== AIM OF THE TASK ==
Filter the entries below, keeping only lines with the word "Compare".

== SUPPLIED MATERIAL ==
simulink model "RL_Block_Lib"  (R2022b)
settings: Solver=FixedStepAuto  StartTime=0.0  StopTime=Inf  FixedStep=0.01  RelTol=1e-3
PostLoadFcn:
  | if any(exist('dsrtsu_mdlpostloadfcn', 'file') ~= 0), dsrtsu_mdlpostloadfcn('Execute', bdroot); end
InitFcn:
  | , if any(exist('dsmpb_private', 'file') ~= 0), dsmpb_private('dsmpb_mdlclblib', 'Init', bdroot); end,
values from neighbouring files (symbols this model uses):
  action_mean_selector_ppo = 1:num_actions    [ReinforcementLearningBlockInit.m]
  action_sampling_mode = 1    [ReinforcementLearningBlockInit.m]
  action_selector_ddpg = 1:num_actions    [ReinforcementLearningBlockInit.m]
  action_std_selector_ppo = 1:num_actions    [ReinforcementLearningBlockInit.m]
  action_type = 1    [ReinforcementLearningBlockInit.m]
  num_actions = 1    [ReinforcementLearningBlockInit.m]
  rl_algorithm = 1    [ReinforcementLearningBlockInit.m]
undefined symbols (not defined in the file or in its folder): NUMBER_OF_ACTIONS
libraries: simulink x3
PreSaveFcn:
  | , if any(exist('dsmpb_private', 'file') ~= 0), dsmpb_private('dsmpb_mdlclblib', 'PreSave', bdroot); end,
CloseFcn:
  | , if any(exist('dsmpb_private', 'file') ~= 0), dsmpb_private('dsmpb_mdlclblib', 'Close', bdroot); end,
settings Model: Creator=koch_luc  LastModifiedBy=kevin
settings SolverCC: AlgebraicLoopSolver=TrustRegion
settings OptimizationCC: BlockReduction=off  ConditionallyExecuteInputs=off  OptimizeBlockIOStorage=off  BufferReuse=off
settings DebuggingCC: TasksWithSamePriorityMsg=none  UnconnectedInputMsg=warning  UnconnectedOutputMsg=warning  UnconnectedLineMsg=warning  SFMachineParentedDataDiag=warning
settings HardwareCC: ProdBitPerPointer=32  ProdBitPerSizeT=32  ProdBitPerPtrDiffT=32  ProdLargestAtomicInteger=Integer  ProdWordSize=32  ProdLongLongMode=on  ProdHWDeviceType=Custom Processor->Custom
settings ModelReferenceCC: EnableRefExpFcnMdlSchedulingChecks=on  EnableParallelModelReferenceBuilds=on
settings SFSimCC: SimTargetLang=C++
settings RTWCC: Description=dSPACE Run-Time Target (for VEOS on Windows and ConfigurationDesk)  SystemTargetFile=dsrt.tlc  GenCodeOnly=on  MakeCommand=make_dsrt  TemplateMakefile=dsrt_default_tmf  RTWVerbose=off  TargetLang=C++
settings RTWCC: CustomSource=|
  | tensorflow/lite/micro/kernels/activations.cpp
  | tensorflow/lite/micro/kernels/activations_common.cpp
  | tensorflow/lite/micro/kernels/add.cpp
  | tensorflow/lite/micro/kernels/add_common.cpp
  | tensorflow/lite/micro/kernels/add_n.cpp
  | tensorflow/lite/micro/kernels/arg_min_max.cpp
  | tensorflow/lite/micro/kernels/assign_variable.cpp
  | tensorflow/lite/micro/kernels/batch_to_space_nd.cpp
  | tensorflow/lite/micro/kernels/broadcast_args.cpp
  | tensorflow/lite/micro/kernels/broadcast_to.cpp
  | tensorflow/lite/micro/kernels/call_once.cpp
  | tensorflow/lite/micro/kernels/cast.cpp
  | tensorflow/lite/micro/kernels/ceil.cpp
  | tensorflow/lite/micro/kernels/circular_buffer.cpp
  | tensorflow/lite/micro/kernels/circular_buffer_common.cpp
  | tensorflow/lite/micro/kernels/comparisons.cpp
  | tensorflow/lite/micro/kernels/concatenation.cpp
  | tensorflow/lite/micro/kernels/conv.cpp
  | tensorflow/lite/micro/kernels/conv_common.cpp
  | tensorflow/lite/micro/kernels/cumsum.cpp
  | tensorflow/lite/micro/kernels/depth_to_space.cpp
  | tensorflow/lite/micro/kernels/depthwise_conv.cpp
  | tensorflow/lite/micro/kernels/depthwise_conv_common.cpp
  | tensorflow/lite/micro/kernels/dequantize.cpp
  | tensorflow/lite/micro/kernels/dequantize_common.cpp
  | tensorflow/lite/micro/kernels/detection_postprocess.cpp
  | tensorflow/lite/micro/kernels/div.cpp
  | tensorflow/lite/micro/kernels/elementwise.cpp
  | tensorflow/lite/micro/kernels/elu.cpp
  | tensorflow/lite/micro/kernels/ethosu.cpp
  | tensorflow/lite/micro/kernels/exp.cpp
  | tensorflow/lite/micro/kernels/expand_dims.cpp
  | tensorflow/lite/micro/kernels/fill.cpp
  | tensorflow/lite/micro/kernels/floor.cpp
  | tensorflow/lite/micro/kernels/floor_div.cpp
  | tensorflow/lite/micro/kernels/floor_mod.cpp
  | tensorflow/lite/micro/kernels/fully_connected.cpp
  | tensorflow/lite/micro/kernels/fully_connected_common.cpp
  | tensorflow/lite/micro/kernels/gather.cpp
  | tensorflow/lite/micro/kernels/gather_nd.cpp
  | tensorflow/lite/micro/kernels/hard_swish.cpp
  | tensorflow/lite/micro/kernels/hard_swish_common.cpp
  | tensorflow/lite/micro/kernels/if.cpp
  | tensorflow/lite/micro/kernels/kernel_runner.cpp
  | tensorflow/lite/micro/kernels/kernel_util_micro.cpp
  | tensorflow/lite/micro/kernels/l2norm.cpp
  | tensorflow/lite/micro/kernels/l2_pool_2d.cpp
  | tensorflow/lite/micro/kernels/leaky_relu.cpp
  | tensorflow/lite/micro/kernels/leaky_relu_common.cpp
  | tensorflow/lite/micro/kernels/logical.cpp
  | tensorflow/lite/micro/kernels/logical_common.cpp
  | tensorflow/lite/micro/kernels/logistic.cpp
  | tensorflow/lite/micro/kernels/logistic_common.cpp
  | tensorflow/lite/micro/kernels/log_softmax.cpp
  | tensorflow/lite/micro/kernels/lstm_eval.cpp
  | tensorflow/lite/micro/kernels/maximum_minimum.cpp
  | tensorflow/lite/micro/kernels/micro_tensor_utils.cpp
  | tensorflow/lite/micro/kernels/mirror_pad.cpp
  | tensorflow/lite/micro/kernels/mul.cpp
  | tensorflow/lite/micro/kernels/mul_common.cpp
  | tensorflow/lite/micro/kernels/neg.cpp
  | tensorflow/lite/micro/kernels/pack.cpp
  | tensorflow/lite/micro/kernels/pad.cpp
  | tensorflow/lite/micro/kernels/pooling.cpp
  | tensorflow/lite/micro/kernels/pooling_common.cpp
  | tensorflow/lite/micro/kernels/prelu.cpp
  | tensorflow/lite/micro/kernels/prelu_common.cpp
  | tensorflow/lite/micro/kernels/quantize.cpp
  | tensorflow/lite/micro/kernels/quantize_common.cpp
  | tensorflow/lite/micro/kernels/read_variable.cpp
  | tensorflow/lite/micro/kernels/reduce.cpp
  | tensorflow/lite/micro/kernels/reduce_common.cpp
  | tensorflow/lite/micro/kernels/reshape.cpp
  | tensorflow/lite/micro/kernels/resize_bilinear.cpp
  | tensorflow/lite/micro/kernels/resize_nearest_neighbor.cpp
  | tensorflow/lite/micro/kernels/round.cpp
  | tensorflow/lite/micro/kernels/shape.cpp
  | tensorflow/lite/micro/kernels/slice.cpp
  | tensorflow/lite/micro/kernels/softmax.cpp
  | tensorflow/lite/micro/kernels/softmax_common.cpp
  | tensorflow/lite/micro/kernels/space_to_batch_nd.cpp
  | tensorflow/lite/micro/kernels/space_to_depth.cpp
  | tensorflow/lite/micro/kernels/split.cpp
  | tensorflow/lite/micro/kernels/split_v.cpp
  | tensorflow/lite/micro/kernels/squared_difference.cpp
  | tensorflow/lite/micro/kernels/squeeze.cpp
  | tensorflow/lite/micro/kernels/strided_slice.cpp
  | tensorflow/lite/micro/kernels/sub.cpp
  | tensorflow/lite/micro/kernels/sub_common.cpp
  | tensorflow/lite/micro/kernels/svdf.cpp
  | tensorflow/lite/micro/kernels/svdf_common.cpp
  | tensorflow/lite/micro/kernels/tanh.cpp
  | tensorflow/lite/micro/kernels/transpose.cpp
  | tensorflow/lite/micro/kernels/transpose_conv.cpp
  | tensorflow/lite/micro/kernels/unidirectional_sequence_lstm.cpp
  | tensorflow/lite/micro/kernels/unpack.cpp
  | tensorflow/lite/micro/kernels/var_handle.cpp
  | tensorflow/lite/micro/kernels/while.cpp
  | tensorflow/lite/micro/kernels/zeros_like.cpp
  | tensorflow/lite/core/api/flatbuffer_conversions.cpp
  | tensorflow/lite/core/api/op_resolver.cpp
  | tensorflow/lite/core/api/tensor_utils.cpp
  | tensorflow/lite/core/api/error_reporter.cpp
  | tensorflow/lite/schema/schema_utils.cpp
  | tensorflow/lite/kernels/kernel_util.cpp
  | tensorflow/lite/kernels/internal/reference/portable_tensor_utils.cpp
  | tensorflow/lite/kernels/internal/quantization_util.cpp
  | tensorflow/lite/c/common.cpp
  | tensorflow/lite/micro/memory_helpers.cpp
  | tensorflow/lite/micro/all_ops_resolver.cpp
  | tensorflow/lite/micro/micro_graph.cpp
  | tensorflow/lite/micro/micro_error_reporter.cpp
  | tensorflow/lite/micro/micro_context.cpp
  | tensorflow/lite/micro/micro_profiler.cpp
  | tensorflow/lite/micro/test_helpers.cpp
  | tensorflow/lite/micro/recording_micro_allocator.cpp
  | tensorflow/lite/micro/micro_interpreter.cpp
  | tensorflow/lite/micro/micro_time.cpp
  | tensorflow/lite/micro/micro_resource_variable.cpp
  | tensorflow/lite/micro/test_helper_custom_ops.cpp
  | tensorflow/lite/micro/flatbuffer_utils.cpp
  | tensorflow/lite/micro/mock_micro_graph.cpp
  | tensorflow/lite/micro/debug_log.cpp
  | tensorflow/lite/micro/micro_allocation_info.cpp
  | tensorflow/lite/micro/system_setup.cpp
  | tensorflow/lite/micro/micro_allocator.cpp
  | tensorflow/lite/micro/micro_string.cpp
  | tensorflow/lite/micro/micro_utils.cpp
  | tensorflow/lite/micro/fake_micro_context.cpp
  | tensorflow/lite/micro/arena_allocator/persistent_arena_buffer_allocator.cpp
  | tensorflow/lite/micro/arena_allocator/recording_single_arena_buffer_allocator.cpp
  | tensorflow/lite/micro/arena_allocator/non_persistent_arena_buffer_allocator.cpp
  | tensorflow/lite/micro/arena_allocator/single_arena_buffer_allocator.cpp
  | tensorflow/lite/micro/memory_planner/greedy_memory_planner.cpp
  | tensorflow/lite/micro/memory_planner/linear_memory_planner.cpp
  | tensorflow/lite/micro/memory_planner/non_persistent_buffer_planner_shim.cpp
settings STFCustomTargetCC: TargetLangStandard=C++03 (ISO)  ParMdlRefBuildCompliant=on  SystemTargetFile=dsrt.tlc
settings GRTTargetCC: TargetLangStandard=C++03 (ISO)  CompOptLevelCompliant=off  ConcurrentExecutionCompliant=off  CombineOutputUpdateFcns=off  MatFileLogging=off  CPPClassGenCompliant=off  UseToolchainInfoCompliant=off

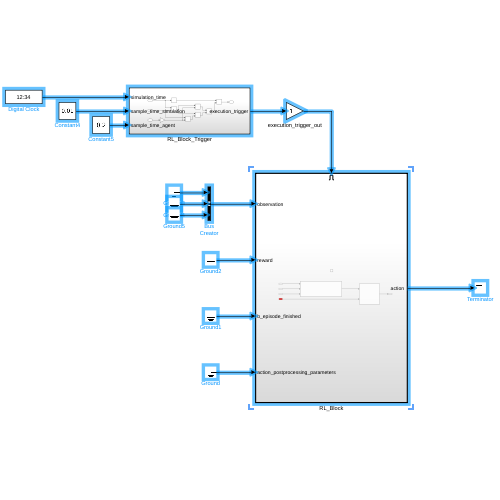
[thumbnail: Simulink's stored preview of the top-level diagram]
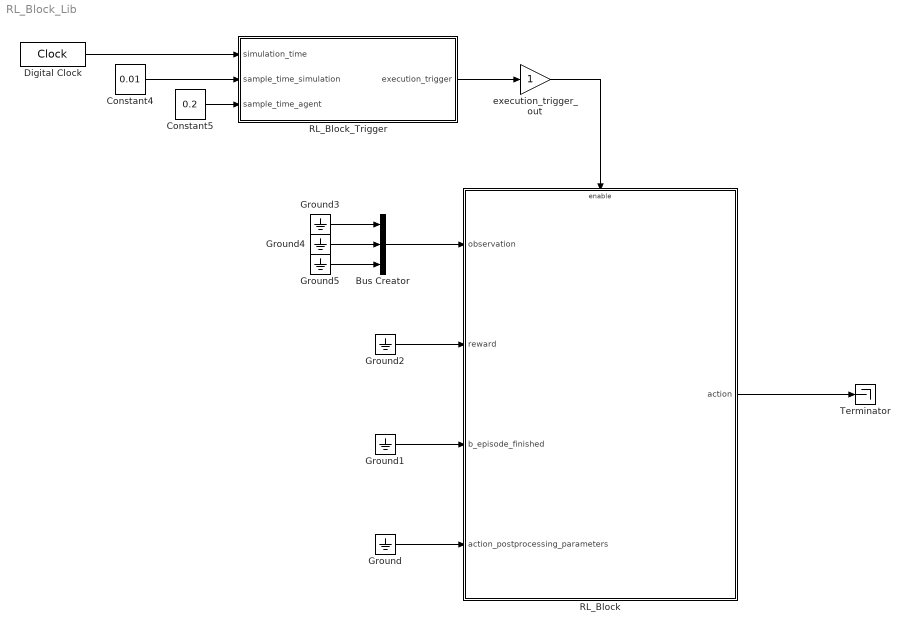
== system RL_Block_Lib ==
  Bus Creator : BusCreator  Inputs=3
  Constant4 : Constant  Value=0.01
  Constant5 : Constant  Value=0.2
  Digital Clock : DigitalClock  SampleTime=-1
  Ground{,1..5} (6 alike) : Ground
  RL_Block : Subsystem
  RL_Block_Trigger : Subsystem
  Terminator : Terminator
  execution_trigger_out : Gain  OutDataTypeStr=Inherit: Same as input
  wires:
  Ground1/1 -> RL_Block/3(b_episode_finished)
  Ground2/1 -> RL_Block/2(reward)
  Bus Creator/1 -> RL_Block/1(observation)
  RL_Block/1("action ") -> Terminator/1
  RL_Block_Trigger/1(execution_trigger) -> execution_trigger_out/1
  execution_trigger_out/1 -> RL_Block/Enable
  Digital Clock/1 -> RL_Block_Trigger/1(simulation_time)
  Constant4/1 -> RL_Block_Trigger/2(sample_time_simulation)
  Constant5/1 -> RL_Block_Trigger/3(sample_time_agent)
  Ground/1 -> RL_Block/4(action_postprocessing_parameters)
  Ground3/1 -> Bus Creator/1
  Ground4/1 -> Bus Creator/2
  Ground5/1 -> Bus Creator/3

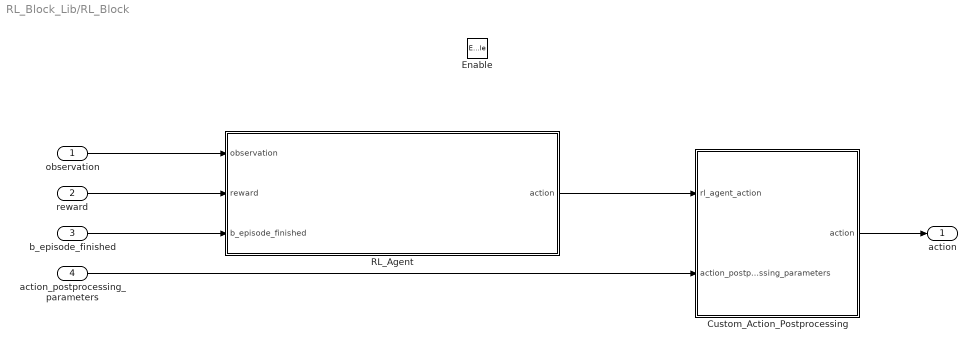
== system RL_Block_Lib/RL_Block ==
  observation : Inport
  reward : Inport  Port=2
  b_episode_finished : Inport  Port=3
  action_postprocessing_parameters : Inport  Port=4
  Enable : EnablePort
  Custom_Action_Postprocessing : Subsystem
  RL_Agent : Subsystem
  "action " : Outport
  wires:
  RL_Agent/1(action) -> Custom_Action_Postprocessing/1(rl_agent_action)
  action_postprocessing_parameters/1 -> Custom_Action_Postprocessing/2(action_postprocessing_parameters)
  b_episode_finished/1 -> RL_Agent/3(b_episode_finished)
  reward/1 -> RL_Agent/2(reward)
  observation/1 -> RL_Agent/1(observation)
  Custom_Action_Postprocessing/1("action ") -> "action "/1

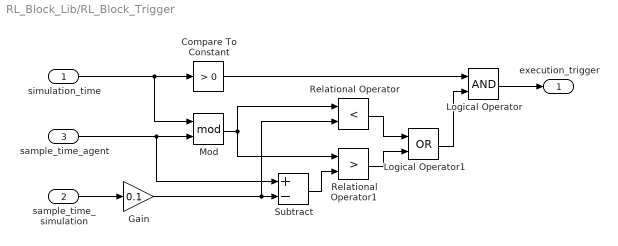
== system RL_Block_Lib/RL_Block_Trigger ==
  simulation_time : Inport
  sample_time_simulation : Inport  Port=2
  sample_time_agent : Inport  Port=3
  Compare To Constant : simulink/Logic and Bit Operations/Compare To Constant  relop=>  const=0  OutDataTypeStr=boolean
  Gain : Gain  Gain=0.1
  Logical Operator : Logic  AllPortsSameDT=off  OutDataTypeStr=boolean
  Logical Operator1 : Logic  Operator=OR  AllPortsSameDT=off  OutDataTypeStr=boolean
  Mod : Math  Operator=mod
  Relational Operator : RelationalOperator  Operator=<  OutDataTypeStr=boolean  RndMeth=Simplest  InputSameDT=off
  Relational Operator1 : RelationalOperator  Operator=>  OutDataTypeStr=boolean  RndMeth=Simplest  InputSameDT=off
  Subtract : Sum  Inputs=+-
  execution_trigger : Outport
  wires:
  simulation_time/1 -> Mod/1, Compare To Constant/1
  sample_time_agent/1 -> Subtract/1, Mod/2
  Mod/1 -> Relational Operator1/1, Relational Operator/1
  sample_time_simulation/1 -> Gain/1
  Logical Operator/1 -> execution_trigger/1
  Compare To Constant/1 -> Logical Operator/1
  Logical Operator1/1 -> Logical Operator/2
  Relational Operator/1 -> Logical Operator1/1
  Relational Operator1/1 -> Logical Operator1/2
  Gain/1 -> Relational Operator/2, Subtract/2
  Subtract/1 -> Relational Operator1/2

== system RL_Block_Lib/RL_Block/Custom_Action_Postprocessing ==
  rl_agent_action : Inport
  action_postprocessing_parameters : Inport  Port=2
  Terminator : Terminator
  "action " : Outport
  wires:
  rl_agent_action/1 -> "action "/1
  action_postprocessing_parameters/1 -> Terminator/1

== RESULT BELOW ==
  Compare To Constant : simulink/Logic and Bit Operations/Compare To Constant  relop=>  const=0  OutDataTypeStr=boolean
  simulation_time/1 -> Mod/1, Compare To Constant/1
  Compare To Constant/1 -> Logical Operator/1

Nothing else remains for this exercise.